EXERCISE
Output only the lines from the one holding "cong_2_edges = [part.edges().sort_by_distance(p)[0]" to the end of the data below, please, copied exactly.

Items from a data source
---
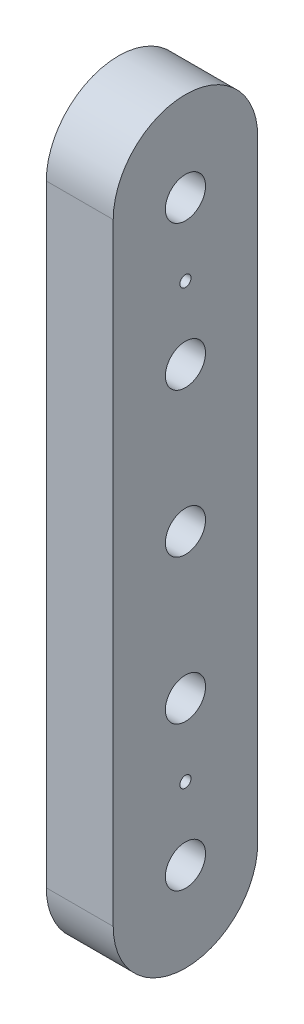
from build123d import *

# Parameters (mm, degrees)
BOSS_EXTRUDE1_DEPTH = 76.2
CUT_EXTRUDE1_REACH  = 78.2
SKETCH3_R           = 22.86
CUT_EXTRUDE2_REACH  = 78.2
SKETCH4_R           = 6.35


with BuildPart() as part:
    # Sketch2 → Boss-Extrude1 (new body)
    with BuildSketch(Plane.ZY.offset(-1066.346797213)):
        with BuildLine():
            Line((-82.55, 1331.163756946), (-82.55, 2028.051006195))
            ThreePointArc((-82.55, 2028.051006195), (-164.799803954, 2110.300810149), (-247.049607907, 2028.051006195))
            Line((-247.049607907, 2028.051006195), (-247.049607907, 1331.163756946))
            ThreePointArc((-247.049607907, 1331.163756946), (-164.799803954, 1248.913952992), (-82.55, 1331.163756946))
        make_face()
    extrude(amount=BOSS_EXTRUDE1_DEPTH)

    # Sketch3 → Cut-Extrude1 (cut, up to next)
    with BuildSketch(Plane(origin=(1066.346797213, 0, 0), x_dir=(0, 0, -1), z_dir=(1, 0, 0)), mode=Mode.PRIVATE) as cut_extrude1_sk1:
        with Locations((164.799803954, 1844.15409586)):
            Circle(SKETCH3_R)
    cut_extrude1_tool1 = extrude(cut_extrude1_sk1.sketch, amount=-CUT_EXTRUDE1_REACH, mode=Mode.PRIVATE) & part.part
    add(cut_extrude1_tool1.solids().sort_by_distance((1066.346797, 1844.154096, -164.799804))[0], mode=Mode.SUBTRACT)
    # Sketch3 → Cut-Extrude1 (cut, up to next)
    with BuildSketch(Plane(origin=(1066.346797213, 0, 0), x_dir=(0, 0, -1), z_dir=(1, 0, 0)), mode=Mode.PRIVATE) as cut_extrude1_sk2:
        with Locations((164.799803954, 1679.607381571)):
            Circle(SKETCH3_R)
    cut_extrude1_tool2 = extrude(cut_extrude1_sk2.sketch, amount=-CUT_EXTRUDE1_REACH, mode=Mode.PRIVATE) & part.part
    add(cut_extrude1_tool2.solids().sort_by_distance((1066.346797, 1679.607382, -164.799804))[0], mode=Mode.SUBTRACT)
    # Sketch3 → Cut-Extrude1 (cut, up to next)
    with BuildSketch(Plane(origin=(1066.346797213, 0, 0), x_dir=(0, 0, -1), z_dir=(1, 0, 0)), mode=Mode.PRIVATE) as cut_extrude1_sk3:
        with Locations((164.799803954, 2008.700810149)):
            Circle(SKETCH3_R)
    cut_extrude1_tool3 = extrude(cut_extrude1_sk3.sketch, amount=-CUT_EXTRUDE1_REACH, mode=Mode.PRIVATE) & part.part
    add(cut_extrude1_tool3.solids().sort_by_distance((1066.346797, 2008.70081, -164.799804))[0], mode=Mode.SUBTRACT)
    # Sketch3 → Cut-Extrude1 (cut, up to next)
    with BuildSketch(Plane(origin=(1066.346797213, 0, 0), x_dir=(0, 0, -1), z_dir=(1, 0, 0)), mode=Mode.PRIVATE) as cut_extrude1_sk4:
        with Locations((164.799803954, 1515.060667281)):
            Circle(SKETCH3_R)
    cut_extrude1_tool4 = extrude(cut_extrude1_sk4.sketch, amount=-CUT_EXTRUDE1_REACH, mode=Mode.PRIVATE) & part.part
    add(cut_extrude1_tool4.solids().sort_by_distance((1066.346797, 1515.060667, -164.799804))[0], mode=Mode.SUBTRACT)
    # Sketch3 → Cut-Extrude1 (cut, up to next)
    with BuildSketch(Plane(origin=(1066.346797213, 0, 0), x_dir=(0, 0, -1), z_dir=(1, 0, 0)), mode=Mode.PRIVATE) as cut_extrude1_sk5:
        with Locations((164.799803954, 1350.513952992)):
            Circle(SKETCH3_R)
    cut_extrude1_tool5 = extrude(cut_extrude1_sk5.sketch, amount=-CUT_EXTRUDE1_REACH, mode=Mode.PRIVATE) & part.part
    add(cut_extrude1_tool5.solids().sort_by_distance((1066.346797, 1350.513953, -164.799804))[0], mode=Mode.SUBTRACT)

    # Sketch4 → Cut-Extrude2 (cut, up to next)
    with BuildSketch(Plane(origin=(1066.346797213, 0, 0), x_dir=(0, 0, -1), z_dir=(1, 0, 0)), mode=Mode.PRIVATE) as cut_extrude2_sk1:
        with Locations((164.799803954, 1926.427453004)):
            Circle(SKETCH4_R)
    cut_extrude2_tool1 = extrude(cut_extrude2_sk1.sketch, amount=-CUT_EXTRUDE2_REACH, mode=Mode.PRIVATE) & part.part
    add(cut_extrude2_tool1.solids().sort_by_distance((1066.346797, 1926.427453, -164.799804))[0], mode=Mode.SUBTRACT)
    # Sketch4 → Cut-Extrude2 (cut, up to next)
    with BuildSketch(Plane(origin=(1066.346797213, 0, 0), x_dir=(0, 0, -1), z_dir=(1, 0, 0)), mode=Mode.PRIVATE) as cut_extrude2_sk2:
        with Locations((164.799803954, 1432.787310137)):
            Circle(SKETCH4_R)
    cut_extrude2_tool2 = extrude(cut_extrude2_sk2.sketch, amount=-CUT_EXTRUDE2_REACH, mode=Mode.PRIVATE) & part.part
    add(cut_extrude2_tool2.solids().sort_by_distance((1066.346797, 1432.78731, -164.799804))[0], mode=Mode.SUBTRACT)


solid = part.part
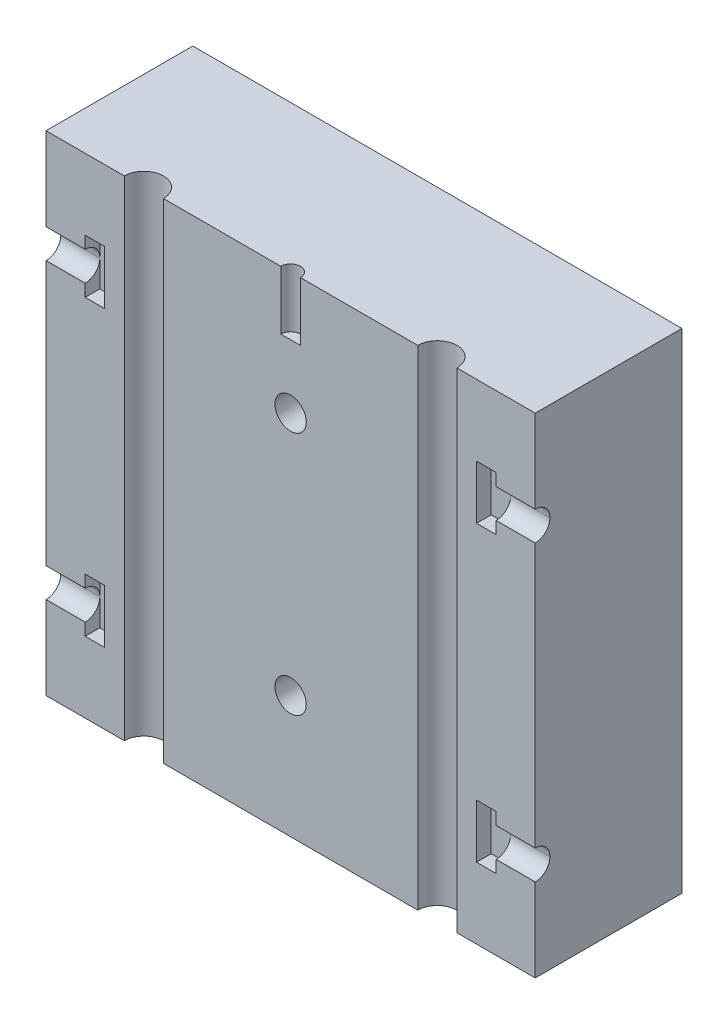
from build123d import *

# Parameters (mm, degrees)
ESQUISSE1_W             = 50
ESQUISSE1_H             = 50
ESQUISSE1_R             = 1.6
EXTRUSION1_DEPTH        = 15
ESQUISSE2_R             = 2
ENL_V_MAT_EXTRU_1_DEPTH = 51
ENL_V_MAT_EXTRU_3_DEPTH = 1.5
CONG_1_R                = 1.49
CONG_2_R                = 1.49
ESQUISSE4_R             = 1
ENL_V_MAT_EXTRU_4_DEPTH = 6


with BuildPart() as part:
    # Esquisse1 → Extrusion1 (new body)
    with BuildSketch(Plane.XY):
        with Locations((25, 25)):
            Rectangle(ESQUISSE1_W, ESQUISSE1_H)
        with Locations((25, 37.5)):
            Circle(ESQUISSE1_R, mode=Mode.SUBTRACT)
        with Locations(Location((25, 12.5, 0), (0, 0, 180))):  # turned: the seam where the file's is
            Circle(ESQUISSE1_R, mode=Mode.SUBTRACT)
    extrude(amount=EXTRUSION1_DEPTH)

    # Esquisse2 → Enlèv. mat.-Extru.1 (cut, through all)
    with BuildSketch(Plane(origin=(0, 50, 0), x_dir=(-1, 0, 0), z_dir=(0, 1, 0))):
        with Locations((-10, 15)):
            Circle(ESQUISSE2_R)
        with Locations((-40, 15)):
            Circle(ESQUISSE2_R)
    extrude(amount=-ENL_V_MAT_EXTRU_1_DEPTH, mode=Mode.SUBTRACT)

    # Esquisse3 → Enlèv. mat.-Extru.3 (cut)
    with BuildSketch(Plane.XY.offset(15)):
        Polygon((-1.134972747, 11.5), (4, 11.5), (4, 12.75), (6, 12.75), (6, 7.25), (4, 7.25), (4, 8.5), (-1.134972747, 8.5), align=None)
        Polygon((-1.134972747, 38.5), (-1.134972747, 41.5), (4, 41.5), (4, 42.75), (6, 42.75), (6, 37.25), (4, 37.25), (4, 38.5), align=None)
        Polygon((46, 42.75), (44, 42.75), (44, 37.25), (46, 37.25), (46, 38.5), (51.134972747, 38.5), (51.134972747, 41.5), (46, 41.5), align=None)
        Polygon((46, 12.75), (44, 12.75), (44, 7.25), (46, 7.25), (46, 8.5), (51.134972747, 8.5), (51.134972747, 11.5), (46, 11.5), align=None)
    extrude(amount=-ENL_V_MAT_EXTRU_3_DEPTH, mode=Mode.SUBTRACT)

    # Congé1
    cong_1_edges = [part.edges().sort_by_distance(p)[0] for p in [
        (2, 11.5, 13.5),
    ]]
    fillet(cong_1_edges, radius=CONG_1_R)

    # Congé2
    cong_2_edges = [part.edges().sort_by_distance(p)[0] for p in [
        (48, 11.5, 13.5),
        (48, 8.5, 13.5),
        (2, 8.5, 13.5),
        (2, 38.5, 13.5),
        (2, 41.5, 13.5),
        (48, 41.5, 13.5),
        (48, 38.5, 13.5),
    ]]
    fillet(cong_2_edges, radius=CONG_2_R)

    # Esquisse4 → Enlèv. mat.-Extru.4 (cut)
    with BuildSketch(Plane(origin=(0, 50, 0), x_dir=(-1, 0, 0), z_dir=(0, 1, 0))):
        with Locations((-25, 15)):
            Circle(ESQUISSE4_R)
    extrude(amount=-ENL_V_MAT_EXTRU_4_DEPTH, mode=Mode.SUBTRACT)


solid = part.part
---
ANSWER FOR THIS EXERCISE
    cong_2_edges = [part.edges().sort_by_distance(p)[0] for p in [
        (48, 11.5, 13.5),
        (48, 8.5, 13.5),
        (2, 8.5, 13.5),
        (2, 38.5, 13.5),
        (2, 41.5, 13.5),
        (48, 41.5, 13.5),
        (48, 38.5, 13.5),
    ]]
    fillet(cong_2_edges, radius=CONG_2_R)

    # Esquisse4 → Enlèv. mat.-Extru.4 (cut)
    with BuildSketch(Plane(origin=(0, 50, 0), x_dir=(-1, 0, 0), z_dir=(0, 1, 0))):
        with Locations((-25, 15)):
            Circle(ESQUISSE4_R)
    extrude(amount=-ENL_V_MAT_EXTRU_4_DEPTH, mode=Mode.SUBTRACT)


solid = part.part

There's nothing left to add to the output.